Ramaphosa squirmed as he tried to modulate his reaction. It would have irked Trump if he replied truthfully that it was ironic that the Afrikaner, the inventor of racist Apartheid, who ‘owned’ 70 percent of privately owned land in the country through murdering and expropriating the black owners, could now be playing ‘poor me’, complaining of expropriation.

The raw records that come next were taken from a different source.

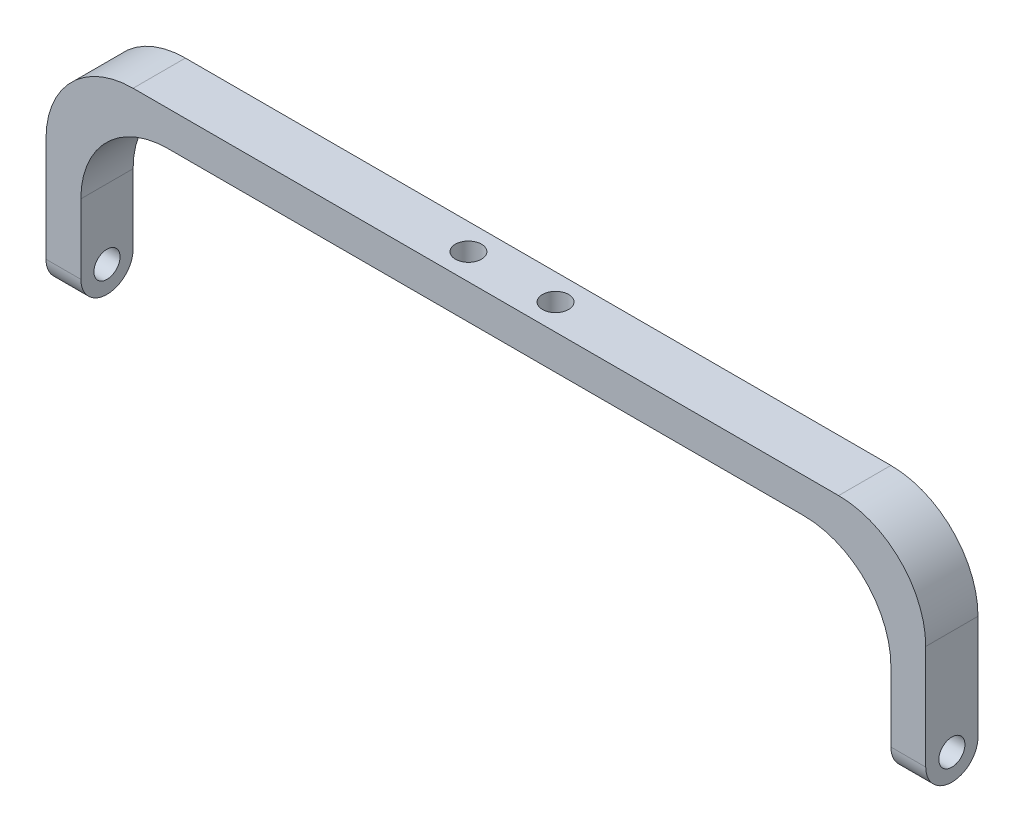
from build123d import *

# Parameters (mm, degrees)
BOSS_EXTRUDE1_DEPTH = 6
SKETCH2_R           = 1.5
CUT_EXTRUDE1_DEPTH  = 104
FILLET1_R           = 10
FILLET2_R           = 3
SKETCH3_R           = 1.5
CUT_EXTRUDE2_DEPTH  = 4


with BuildPart() as part:
    # Sketch1 → Boss-Extrude1 (new body)
    with BuildSketch(Plane.XY):
        Polygon((-157.044043164, 91.385212048), (-157.044043164, 116.385212048), (-56.044043164, 116.385212048), (-56.044043164, 91.385212048), (-60.044043164, 91.385212048), (-60.044043164, 112.385212048), (-153.044043164, 112.385212048), (-153.044043164, 91.385212048), align=None)
    extrude(amount=BOSS_EXTRUDE1_DEPTH)

    # Sketch2 → Cut-Extrude1 (cut)
    with BuildSketch(Plane(origin=(-56.044043164, 0, 0), x_dir=(0, 0, -1), z_dir=(1, 0, 0))):
        with Locations((-3, 94.381633834)):
            Circle(SKETCH2_R)
    extrude(amount=-CUT_EXTRUDE1_DEPTH, mode=Mode.SUBTRACT)

    # Fillet1
    fillet1_edges = [part.edges().sort_by_distance(p)[0] for p in [
        (-157.044043164, 116.385212048, 3),
        (-56.044043164, 116.385212048, 3),
        (-60.044043164, 112.385212048, 3),
        (-153.044043164, 112.385212048, 3),
    ]]
    fillet(fillet1_edges, radius=FILLET1_R)

    # Fillet2
    fillet2_edges = [part.edges().sort_by_distance(p)[0] for p in [
        (-58.044043164, 91.385212048, 6),
        (-58.044043164, 91.385212048, 0),
        (-155.044043164, 91.385212048, 0),
        (-155.044043164, 91.385212048, 6),
    ]]
    fillet(fillet2_edges, radius=FILLET2_R - 0.0001)  # a hair under: the kernel refuses the full size

    # Sketch3 → Cut-Extrude2 (cut)
    with BuildSketch(Plane(origin=(0, 116.385212048, 0), x_dir=(1, 0, 0), z_dir=(0, 1, 0))):
        with Locations(Location((-101.544043164, -3, 0), (0, 0, 270))):
            Circle(SKETCH3_R)
        with Locations(Location((-111.544043164, -3, 0), (0, 0, 90))):
            Circle(SKETCH3_R)
    extrude(amount=-CUT_EXTRUDE2_DEPTH, mode=Mode.SUBTRACT)


solid = part.part
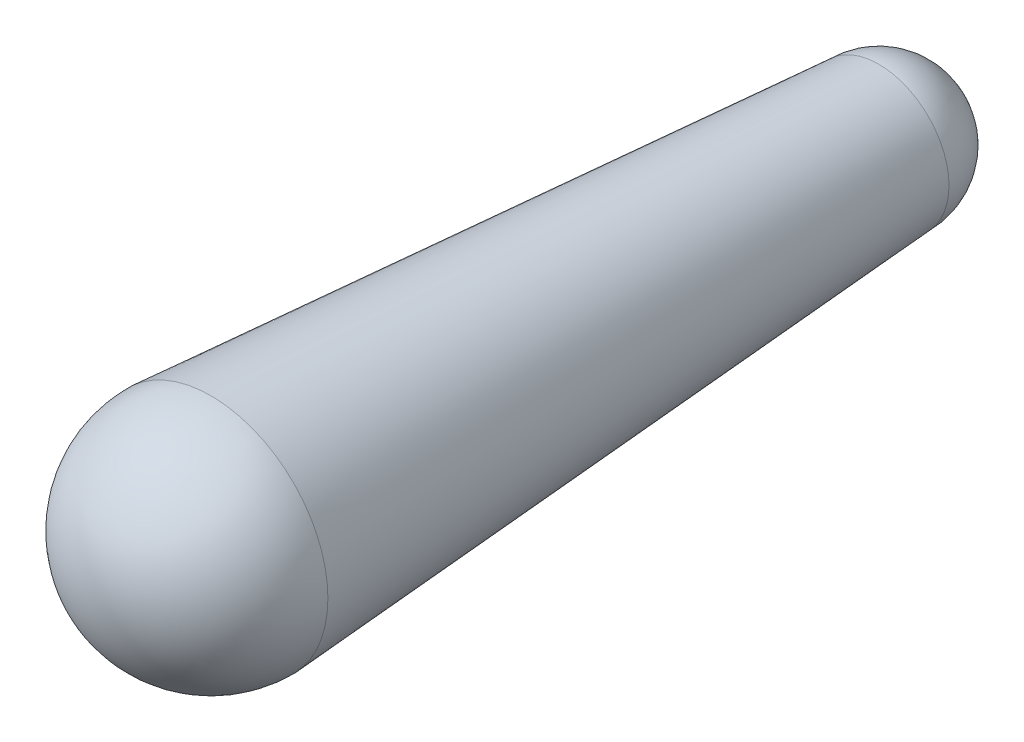
from build123d import *

# Parameters (mm, degrees)
SKETCH1_R           = 44.45
BOSS_EXTRUDE1_DEPTH = 254
BOSS_EXTRUDE1_DRAFT = -4


# Read off the part's stored shape, not the designer's step: Revolve1
with BuildPart() as part:
    # Sketch1 → Boss-Extrude1 (with draft: the straight prism first)
    with BuildSketch(Plane.XY):
        Circle(SKETCH1_R)
    extrude(amount=-BOSS_EXTRUDE1_DEPTH)
    # Boss-Extrude1: the draft: its side faces are tilted about the plane it starts from
    boss_extrude1_sides = [part.faces().sort_by_distance(p)[0] for p in [
        (-44.45, 0, -127),
    ]]
    draft(boss_extrude1_sides, Plane.XY, BOSS_EXTRUDE1_DRAFT)

    # Revolve1 outline → Revolve1 (revolve)
    with BuildSketch(Plane.XZ):
        with BuildLine():
            Line((0, 0), (44.45, -4.4e-08))
            ThreePointArc((44.45, -4.4e-08), (31.430896439, 31.430896408), (0, 44.45))
            Line((0, 44.45), (0, 0))
        make_face()
    revolve(axis=Axis((0, 0, 0), (0, 0, 1)))

    # Sketch5 → Revolve2 (revolve)
    with BuildSketch(Plane(origin=(0, 0, 0), x_dir=(0, 0, -1), z_dir=(1, 0, 0))):
        with BuildLine():
            Line((254, 26.688589766), (254, -26.688589766))
            ThreePointArc((254, -26.688589766), (280.688589766, 0), (254, 26.688589766))
        make_face()
    revolve(axis=Axis((0, 26.688589766, -254), (0, -1, 0)))


solid = part.part
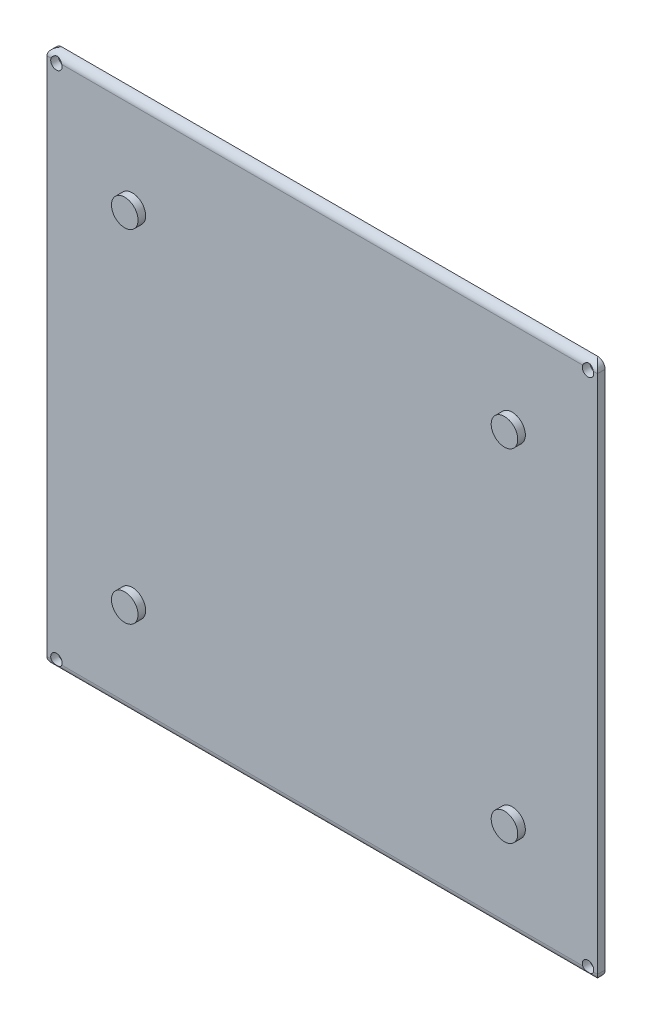
from build123d import *

# Parameters (mm, degrees)
SKETCH1_W                                  = 145
SKETCH1_H                                  = 141
BOSS_EXTRUDE1_DEPTH                        = 2
SKETCH2_R                                  = 1.5
CUT_EXTRUDE1_DEPTH                         = 5
FILLET1_R                                  = 2
SKETCH3_R                                  = 2.5
BOSS_EXTRUDE2_DEPTH                        = 5
FILLET2_R                                  = 2
SKETCH4_R                                  = 1.5
CUT_EXTRUDE2_DEPTH                         = 3
MIRROR1_AT_THE_SECOND_PLANE_COPY_1_SKETC_R = 1.5
MIRROR1_AT_THE_SECOND_PLANE_COPY_1_DEPTH   = 3
SKETCH5_R                                  = 3.5
BOSS_EXTRUDE3_DEPTH                        = 2
MIRROR2_AT_THE_SECOND_PLANE_COPY_1_SKETC_R = 3.5
MIRROR2_AT_THE_SECOND_PLANE_COPY_1_DEPTH   = 2


with BuildPart() as part:
    # Sketch1 → Boss-Extrude1 (new body)
    with BuildSketch(Plane.XY):
        Rectangle(SKETCH1_W, SKETCH1_H)
    extrude(amount=BOSS_EXTRUDE1_DEPTH)

    # Sketch2 → Cut-Extrude1 (cut)
    with BuildSketch(Plane.XY.offset(2)):
        with Locations((-70, 68)):
            Circle(SKETCH2_R)
        with Locations((-70, -68)):
            Circle(SKETCH2_R)
        with Locations((70, -68)):
            Circle(SKETCH2_R)
        with Locations((70, 68)):
            Circle(SKETCH2_R)
    extrude(amount=-CUT_EXTRUDE1_DEPTH, mode=Mode.SUBTRACT)

    # Fillet1
    # the kernel refuses this fillet: 2 mm, written as the material it takes off along each edge
    with BuildSketch(Plane(origin=(-77.5, 70.5, 2), x_dir=(0, -1, 0), z_dir=(1, 0, 0))) as fillet1_piece_1:
        with BuildLine():
            CenterArc((FILLET1_R, FILLET1_R), FILLET1_R, 180, 90)
            Line((0, FILLET1_R), (0, 0))
            Line((0, 0), (FILLET1_R, 0))
        make_face()
    extrude(amount=155, mode=Mode.SUBTRACT)
    with BuildSketch(Plane(origin=(-72.5, 70.5, -5), x_dir=(0, -1, 0), z_dir=(0, 0, 1)), Plane(origin=(-72.5, -70.5, -5), x_dir=(1, 0, 0), z_dir=(0, 0, 1))) as fillet1_piece_2:
        with BuildLine():
            CenterArc((FILLET1_R, FILLET1_R), FILLET1_R, 180, 90)
            Line((0, FILLET1_R), (0, 0))
            Line((0, 0), (FILLET1_R, 0))
        make_face()
    extrude(amount=12, mode=Mode.SUBTRACT)
    with BuildSketch(Plane(origin=(72.5, 70.5, -5), x_dir=(0, -1, 0), z_dir=(0, 0, 1)), Plane(origin=(72.5, -70.5, -5), x_dir=(-1, 0, 0), z_dir=(0, 0, 1))) as fillet1_piece_3:
        with BuildLine():
            CenterArc((FILLET1_R, -FILLET1_R), FILLET1_R, 90, 90)
            Line((0, -FILLET1_R), (0, 0))
            Line((0, 0), (FILLET1_R, 0))
        make_face()
    extrude(amount=12, mode=Mode.SUBTRACT)
    with BuildSketch(Plane(origin=(77.5, -70.5, 2), x_dir=(0, 0, -1), z_dir=(-1, 0, 0))) as fillet1_piece_4:
        with BuildLine():
            CenterArc((FILLET1_R, -FILLET1_R), FILLET1_R, 90, 90)
            Line((0, -FILLET1_R), (0, 0))
            Line((0, 0), (FILLET1_R, 0))
        make_face()
    extrude(amount=155, mode=Mode.SUBTRACT)

    # Sketch3 → Boss-Extrude2 (add)
    with BuildSketch(Plane(origin=(0, 0, 0), x_dir=(-1, 0, 0), z_dir=(0, 0, -1))):
        with Locations(Location((-48, 41.5, 0), (0, 0, 180))):
            Circle(SKETCH3_R)
        with Locations(Location((-48, -41.5, 0), (0, 0, 180))):
            Circle(SKETCH3_R)
        with Locations(Location((48, -41.5, 0), (0, 0, 180))):
            Circle(SKETCH3_R)
        with Locations(Location((48, 41.5, 0), (0, 0, 180))):
            Circle(SKETCH3_R)
    extrude(amount=BOSS_EXTRUDE2_DEPTH)

    # Fillet2
    fillet2_edges = [part.edges().sort_by_distance(p)[0] for p in [
        (45.5, 41.5, 0),
        (45.5, -41.5, 0),
        (-50.5, -41.5, 0),
        (-50.5, 41.5, 0),
    ]]
    fillet(fillet2_edges, radius=FILLET2_R)

    # Sketch4 → Cut-Extrude2 (cut)
    with BuildSketch(Plane(origin=(0, 0, -5), x_dir=(-1, 0, 0), z_dir=(0, 0, -1))):
        with Locations((-48, 41.5)):
            Circle(SKETCH4_R)
    cut_extrude2 = extrude(amount=-CUT_EXTRUDE2_DEPTH, mode=Mode.SUBTRACT)

    # Mirror1: Cut-Extrude2 across plane
    add(cut_extrude2.mirror(Plane(origin=(0, 0, 0), x_dir=(0, 0, 1), z_dir=(1, 0, 0))), mode=Mode.SUBTRACT)

    # Mirror1 at the second plane: Cut-Extrude2 across plane
    add(cut_extrude2.mirror(Plane.ZX), mode=Mode.SUBTRACT)

    # Mirror1 at the second plane copy 1 sketc → Mirror1 at the second plane copy 1 (cut)
    with BuildSketch(Plane(origin=(0, 0, -5), x_dir=(1, 0, 0), z_dir=(0, 0, -1))):
        with Locations((-48, 41.5)):
            Circle(MIRROR1_AT_THE_SECOND_PLANE_COPY_1_SKETC_R)
    extrude(amount=-MIRROR1_AT_THE_SECOND_PLANE_COPY_1_DEPTH, mode=Mode.SUBTRACT)

    # Sketch5 → Boss-Extrude3 (add)
    with BuildSketch(Plane.XY.offset(2)):
        with Locations((-50, 45)):
            Circle(SKETCH5_R)
    boss_extrude3 = extrude(amount=BOSS_EXTRUDE3_DEPTH)

    # Mirror2: Boss-Extrude3 across plane
    add(boss_extrude3.mirror(Plane(origin=(0, 0, 0), x_dir=(0, 0, 1), z_dir=(1, 0, 0))))

    # Mirror2 at the second plane: Boss-Extrude3 across plane
    add(boss_extrude3.mirror(Plane.ZX))

    # Mirror2 at the second plane copy 1 sketc → Mirror2 at the second plane copy 1 (add)
    with BuildSketch(Plane(origin=(0, 0, 2), x_dir=(-1, 0, 0), z_dir=(0, 0, 1))):
        with Locations((-50, 45)):
            Circle(MIRROR2_AT_THE_SECOND_PLANE_COPY_1_SKETC_R)
    extrude(amount=MIRROR2_AT_THE_SECOND_PLANE_COPY_1_DEPTH)


solid = part.part

He calmly reclaimed the narrative and insisted on staying on the subject. He spoke of the high rates of murder and criminality, which were neither white nor black. He unfurled his shopping list of economic and developmental partnership requests, even when Trump tried to continue with ‘alternative truth’ on the white genocide story. He invited his white Minister of Agriculture to speak on white and black farm violence.
The air grew more genial.
Trump requested South African golfing greats Ernie Erls and Ratief Goosen to ‘say something’, admitting addressing the White House audience for them might be harder than ‘sinking a three-footer’ on the golf course.
The focus came back to how trade, investment and growth were the real key to the future. South Africans wanted American technology to fight rampant crime.
The next summit of the G-20, currently headed by Ramaphosa, would take place in November in Cape Town. Ramaphosa wanted Trump to be there to take over the headship from him.
As the theatre ended, some things were clear. The voice of Malema or Zuma, singing ‘Shoot the Boer’, was already the road not taken in South Africa. Madiba had plugged for a Rainbow Nation-for-all, and demarcated the middle ground to sustain it, forswearing the retributive temptation to ‘drive the white man into the sea’, and forswearing civil war by openly and intentionally embracing Gashua Buthelezi and the Zulu nation.
In his bed, in the dead of the night, Cyril Ramaphosa perhaps would reflect that the Mandela vision had held, barely, through the most rigorous public examination of his nation’s bona fides. Keeping Elon Musk and the Afrikaners on board, no matter what, was his own equivalent of Madiba’s destiny-changing embrace of Buthelezi. The future was a little more secure.
But with 45 percent youth unemployment, the highest murder rate in the world, a growing, problematic anti-African xenophobia, and racism and vestiges of Apartheid sentiment still on show when the skin was scratched, there was a lot of work to be done, yet.